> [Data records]
┌──

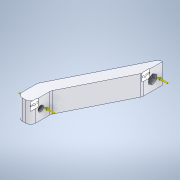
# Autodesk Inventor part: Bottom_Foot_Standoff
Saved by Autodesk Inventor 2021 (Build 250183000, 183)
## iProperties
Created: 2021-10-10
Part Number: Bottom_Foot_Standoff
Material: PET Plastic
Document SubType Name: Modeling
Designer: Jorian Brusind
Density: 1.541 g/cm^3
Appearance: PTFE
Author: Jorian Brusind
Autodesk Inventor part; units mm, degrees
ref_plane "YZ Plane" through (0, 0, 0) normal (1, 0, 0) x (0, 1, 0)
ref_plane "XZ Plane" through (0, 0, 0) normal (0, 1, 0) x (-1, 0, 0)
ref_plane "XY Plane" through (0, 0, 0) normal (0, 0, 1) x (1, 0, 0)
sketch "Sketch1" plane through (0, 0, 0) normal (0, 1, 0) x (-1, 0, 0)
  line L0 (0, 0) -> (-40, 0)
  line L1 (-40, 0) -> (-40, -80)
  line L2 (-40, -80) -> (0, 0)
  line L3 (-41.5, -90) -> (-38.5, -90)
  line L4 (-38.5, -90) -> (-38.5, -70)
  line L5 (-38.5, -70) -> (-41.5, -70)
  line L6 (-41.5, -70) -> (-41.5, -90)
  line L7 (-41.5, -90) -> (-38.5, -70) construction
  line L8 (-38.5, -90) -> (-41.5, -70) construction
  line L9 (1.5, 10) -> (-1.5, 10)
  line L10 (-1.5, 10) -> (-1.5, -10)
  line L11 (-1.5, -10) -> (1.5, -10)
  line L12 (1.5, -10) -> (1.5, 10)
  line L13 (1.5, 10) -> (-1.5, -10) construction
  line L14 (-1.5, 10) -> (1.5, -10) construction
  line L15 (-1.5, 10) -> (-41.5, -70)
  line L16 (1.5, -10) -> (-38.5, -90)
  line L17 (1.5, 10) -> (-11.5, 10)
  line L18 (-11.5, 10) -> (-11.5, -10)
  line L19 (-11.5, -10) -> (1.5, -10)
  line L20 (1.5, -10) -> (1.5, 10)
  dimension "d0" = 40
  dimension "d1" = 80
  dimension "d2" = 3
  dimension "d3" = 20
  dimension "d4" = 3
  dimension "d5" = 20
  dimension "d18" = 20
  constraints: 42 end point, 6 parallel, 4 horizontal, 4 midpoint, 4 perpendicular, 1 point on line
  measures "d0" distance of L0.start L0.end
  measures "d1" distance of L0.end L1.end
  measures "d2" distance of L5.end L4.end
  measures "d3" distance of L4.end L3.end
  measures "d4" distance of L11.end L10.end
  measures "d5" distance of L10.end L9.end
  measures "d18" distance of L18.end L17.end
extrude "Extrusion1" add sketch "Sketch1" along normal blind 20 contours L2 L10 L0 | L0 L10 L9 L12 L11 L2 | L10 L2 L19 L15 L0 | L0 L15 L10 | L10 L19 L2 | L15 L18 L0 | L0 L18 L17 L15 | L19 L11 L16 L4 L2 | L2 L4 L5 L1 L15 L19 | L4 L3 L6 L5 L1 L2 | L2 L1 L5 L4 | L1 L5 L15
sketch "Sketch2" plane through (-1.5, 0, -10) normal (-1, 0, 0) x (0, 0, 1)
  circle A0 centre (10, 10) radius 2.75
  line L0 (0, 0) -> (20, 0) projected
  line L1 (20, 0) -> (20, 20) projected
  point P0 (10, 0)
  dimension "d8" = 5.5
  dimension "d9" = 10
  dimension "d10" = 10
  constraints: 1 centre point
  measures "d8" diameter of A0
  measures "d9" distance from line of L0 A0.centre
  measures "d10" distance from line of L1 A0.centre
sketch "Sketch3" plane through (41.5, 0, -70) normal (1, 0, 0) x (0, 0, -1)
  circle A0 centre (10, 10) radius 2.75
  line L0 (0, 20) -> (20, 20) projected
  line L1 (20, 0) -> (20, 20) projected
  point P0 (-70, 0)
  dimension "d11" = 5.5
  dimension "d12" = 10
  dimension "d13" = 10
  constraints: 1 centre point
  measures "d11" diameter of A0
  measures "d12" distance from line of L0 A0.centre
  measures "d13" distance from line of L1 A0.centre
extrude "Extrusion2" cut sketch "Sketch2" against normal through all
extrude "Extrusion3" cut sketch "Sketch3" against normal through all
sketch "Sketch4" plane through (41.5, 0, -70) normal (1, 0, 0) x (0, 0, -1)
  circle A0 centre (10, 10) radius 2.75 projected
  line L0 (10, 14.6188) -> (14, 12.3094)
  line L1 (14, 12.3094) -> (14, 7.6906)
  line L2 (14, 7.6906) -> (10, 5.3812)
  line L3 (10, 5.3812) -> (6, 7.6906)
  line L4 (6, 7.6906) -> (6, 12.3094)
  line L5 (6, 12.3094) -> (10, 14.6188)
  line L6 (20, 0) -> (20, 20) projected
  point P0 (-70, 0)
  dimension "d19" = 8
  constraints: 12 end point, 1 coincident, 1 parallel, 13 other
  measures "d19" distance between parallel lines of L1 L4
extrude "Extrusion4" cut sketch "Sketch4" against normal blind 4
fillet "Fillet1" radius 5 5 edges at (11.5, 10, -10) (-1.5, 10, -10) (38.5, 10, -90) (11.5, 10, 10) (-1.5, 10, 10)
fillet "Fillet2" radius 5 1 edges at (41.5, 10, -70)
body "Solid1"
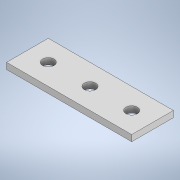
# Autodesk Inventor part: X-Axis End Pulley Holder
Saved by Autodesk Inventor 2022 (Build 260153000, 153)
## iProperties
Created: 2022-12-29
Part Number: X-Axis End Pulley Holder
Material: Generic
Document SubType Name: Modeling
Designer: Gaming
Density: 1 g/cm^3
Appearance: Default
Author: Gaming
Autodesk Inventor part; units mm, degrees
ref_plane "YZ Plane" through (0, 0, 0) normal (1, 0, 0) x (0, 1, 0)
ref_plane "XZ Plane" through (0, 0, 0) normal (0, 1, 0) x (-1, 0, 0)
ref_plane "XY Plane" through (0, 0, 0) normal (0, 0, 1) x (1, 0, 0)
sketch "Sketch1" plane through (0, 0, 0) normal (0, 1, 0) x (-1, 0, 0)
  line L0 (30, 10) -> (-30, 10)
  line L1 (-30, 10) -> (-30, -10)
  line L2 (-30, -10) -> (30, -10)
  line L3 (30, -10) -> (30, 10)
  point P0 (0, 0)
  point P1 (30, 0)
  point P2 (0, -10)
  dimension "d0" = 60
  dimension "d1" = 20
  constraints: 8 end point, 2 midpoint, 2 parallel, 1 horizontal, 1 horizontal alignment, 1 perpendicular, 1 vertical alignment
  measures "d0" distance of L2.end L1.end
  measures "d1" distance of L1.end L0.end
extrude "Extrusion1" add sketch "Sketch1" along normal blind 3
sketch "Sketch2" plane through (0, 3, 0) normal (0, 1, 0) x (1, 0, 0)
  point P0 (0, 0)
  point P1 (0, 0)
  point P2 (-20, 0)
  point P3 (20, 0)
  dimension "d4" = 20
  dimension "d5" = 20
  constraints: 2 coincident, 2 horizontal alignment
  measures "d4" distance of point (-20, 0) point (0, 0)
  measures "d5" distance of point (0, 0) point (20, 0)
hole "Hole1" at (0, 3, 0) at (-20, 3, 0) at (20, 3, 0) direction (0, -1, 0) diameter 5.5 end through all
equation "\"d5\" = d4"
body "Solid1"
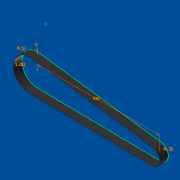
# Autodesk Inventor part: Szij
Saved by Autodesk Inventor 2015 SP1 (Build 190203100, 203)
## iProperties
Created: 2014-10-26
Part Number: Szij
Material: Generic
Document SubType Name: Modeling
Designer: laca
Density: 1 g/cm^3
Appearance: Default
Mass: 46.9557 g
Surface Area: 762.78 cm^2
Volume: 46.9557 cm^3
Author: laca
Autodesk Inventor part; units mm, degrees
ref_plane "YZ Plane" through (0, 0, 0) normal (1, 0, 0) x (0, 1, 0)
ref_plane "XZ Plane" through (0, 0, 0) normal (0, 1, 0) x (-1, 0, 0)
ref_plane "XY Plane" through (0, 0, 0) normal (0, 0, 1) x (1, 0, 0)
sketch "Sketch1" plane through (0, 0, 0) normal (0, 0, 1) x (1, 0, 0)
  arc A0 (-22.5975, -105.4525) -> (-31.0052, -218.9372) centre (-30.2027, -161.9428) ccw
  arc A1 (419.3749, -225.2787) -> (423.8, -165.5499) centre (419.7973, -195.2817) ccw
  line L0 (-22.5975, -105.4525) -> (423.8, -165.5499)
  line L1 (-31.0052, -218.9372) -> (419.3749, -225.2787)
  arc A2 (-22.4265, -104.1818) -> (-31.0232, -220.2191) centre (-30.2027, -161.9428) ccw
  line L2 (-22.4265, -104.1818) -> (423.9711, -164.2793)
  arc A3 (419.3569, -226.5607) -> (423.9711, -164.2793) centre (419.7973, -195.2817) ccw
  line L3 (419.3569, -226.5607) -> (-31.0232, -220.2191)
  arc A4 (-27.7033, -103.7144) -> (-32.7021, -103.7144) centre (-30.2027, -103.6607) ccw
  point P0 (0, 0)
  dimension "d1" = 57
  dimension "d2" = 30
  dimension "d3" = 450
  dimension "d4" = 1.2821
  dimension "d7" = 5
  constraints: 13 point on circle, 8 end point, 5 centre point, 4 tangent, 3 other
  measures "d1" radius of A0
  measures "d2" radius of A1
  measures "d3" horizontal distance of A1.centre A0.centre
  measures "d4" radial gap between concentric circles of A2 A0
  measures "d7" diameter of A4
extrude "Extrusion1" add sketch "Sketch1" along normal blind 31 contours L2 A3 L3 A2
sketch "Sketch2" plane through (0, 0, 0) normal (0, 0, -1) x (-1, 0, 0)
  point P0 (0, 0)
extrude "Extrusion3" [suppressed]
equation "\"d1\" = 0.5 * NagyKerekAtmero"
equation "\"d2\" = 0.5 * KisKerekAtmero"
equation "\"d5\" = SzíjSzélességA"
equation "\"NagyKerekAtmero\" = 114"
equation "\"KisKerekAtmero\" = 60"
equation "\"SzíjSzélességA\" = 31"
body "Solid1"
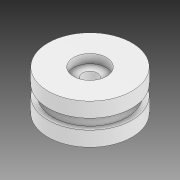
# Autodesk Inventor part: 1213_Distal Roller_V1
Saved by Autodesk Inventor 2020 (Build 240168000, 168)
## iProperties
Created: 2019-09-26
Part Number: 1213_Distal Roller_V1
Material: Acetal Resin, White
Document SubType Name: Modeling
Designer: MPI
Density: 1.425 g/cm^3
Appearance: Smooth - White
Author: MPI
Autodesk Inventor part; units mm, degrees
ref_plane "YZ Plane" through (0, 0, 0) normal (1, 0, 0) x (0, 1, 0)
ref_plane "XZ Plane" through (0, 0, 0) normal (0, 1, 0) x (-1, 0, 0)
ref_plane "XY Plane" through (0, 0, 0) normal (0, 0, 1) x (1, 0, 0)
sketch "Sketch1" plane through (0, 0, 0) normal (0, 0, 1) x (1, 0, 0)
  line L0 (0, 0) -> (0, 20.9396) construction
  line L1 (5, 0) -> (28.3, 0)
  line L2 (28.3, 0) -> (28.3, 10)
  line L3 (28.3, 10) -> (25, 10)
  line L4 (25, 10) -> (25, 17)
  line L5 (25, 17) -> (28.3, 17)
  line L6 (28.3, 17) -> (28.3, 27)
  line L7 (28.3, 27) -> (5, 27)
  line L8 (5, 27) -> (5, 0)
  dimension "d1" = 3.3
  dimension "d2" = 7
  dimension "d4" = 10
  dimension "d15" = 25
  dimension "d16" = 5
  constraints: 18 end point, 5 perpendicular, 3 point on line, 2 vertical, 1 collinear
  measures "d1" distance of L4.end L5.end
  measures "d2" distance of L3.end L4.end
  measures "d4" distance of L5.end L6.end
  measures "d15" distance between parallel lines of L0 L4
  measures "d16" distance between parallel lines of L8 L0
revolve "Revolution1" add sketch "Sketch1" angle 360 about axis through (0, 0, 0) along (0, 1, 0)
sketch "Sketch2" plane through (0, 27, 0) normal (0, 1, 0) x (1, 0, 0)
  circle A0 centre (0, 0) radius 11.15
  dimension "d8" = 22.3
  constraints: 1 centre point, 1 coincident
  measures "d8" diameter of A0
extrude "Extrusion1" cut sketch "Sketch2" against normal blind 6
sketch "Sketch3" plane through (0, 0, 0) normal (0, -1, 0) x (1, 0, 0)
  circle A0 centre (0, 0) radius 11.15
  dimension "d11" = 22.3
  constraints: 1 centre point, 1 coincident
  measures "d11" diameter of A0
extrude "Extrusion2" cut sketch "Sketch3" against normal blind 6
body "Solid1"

└──

Search the lines above for the string "Build", then show every one that has it.

Saved by Autodesk Inventor 2021 (Build 250183000, 183)
Saved by Autodesk Inventor 2022 (Build 260153000, 153)
Saved by Autodesk Inventor 2015 SP1 (Build 190203100, 203)
Saved by Autodesk Inventor 2020 (Build 240168000, 168)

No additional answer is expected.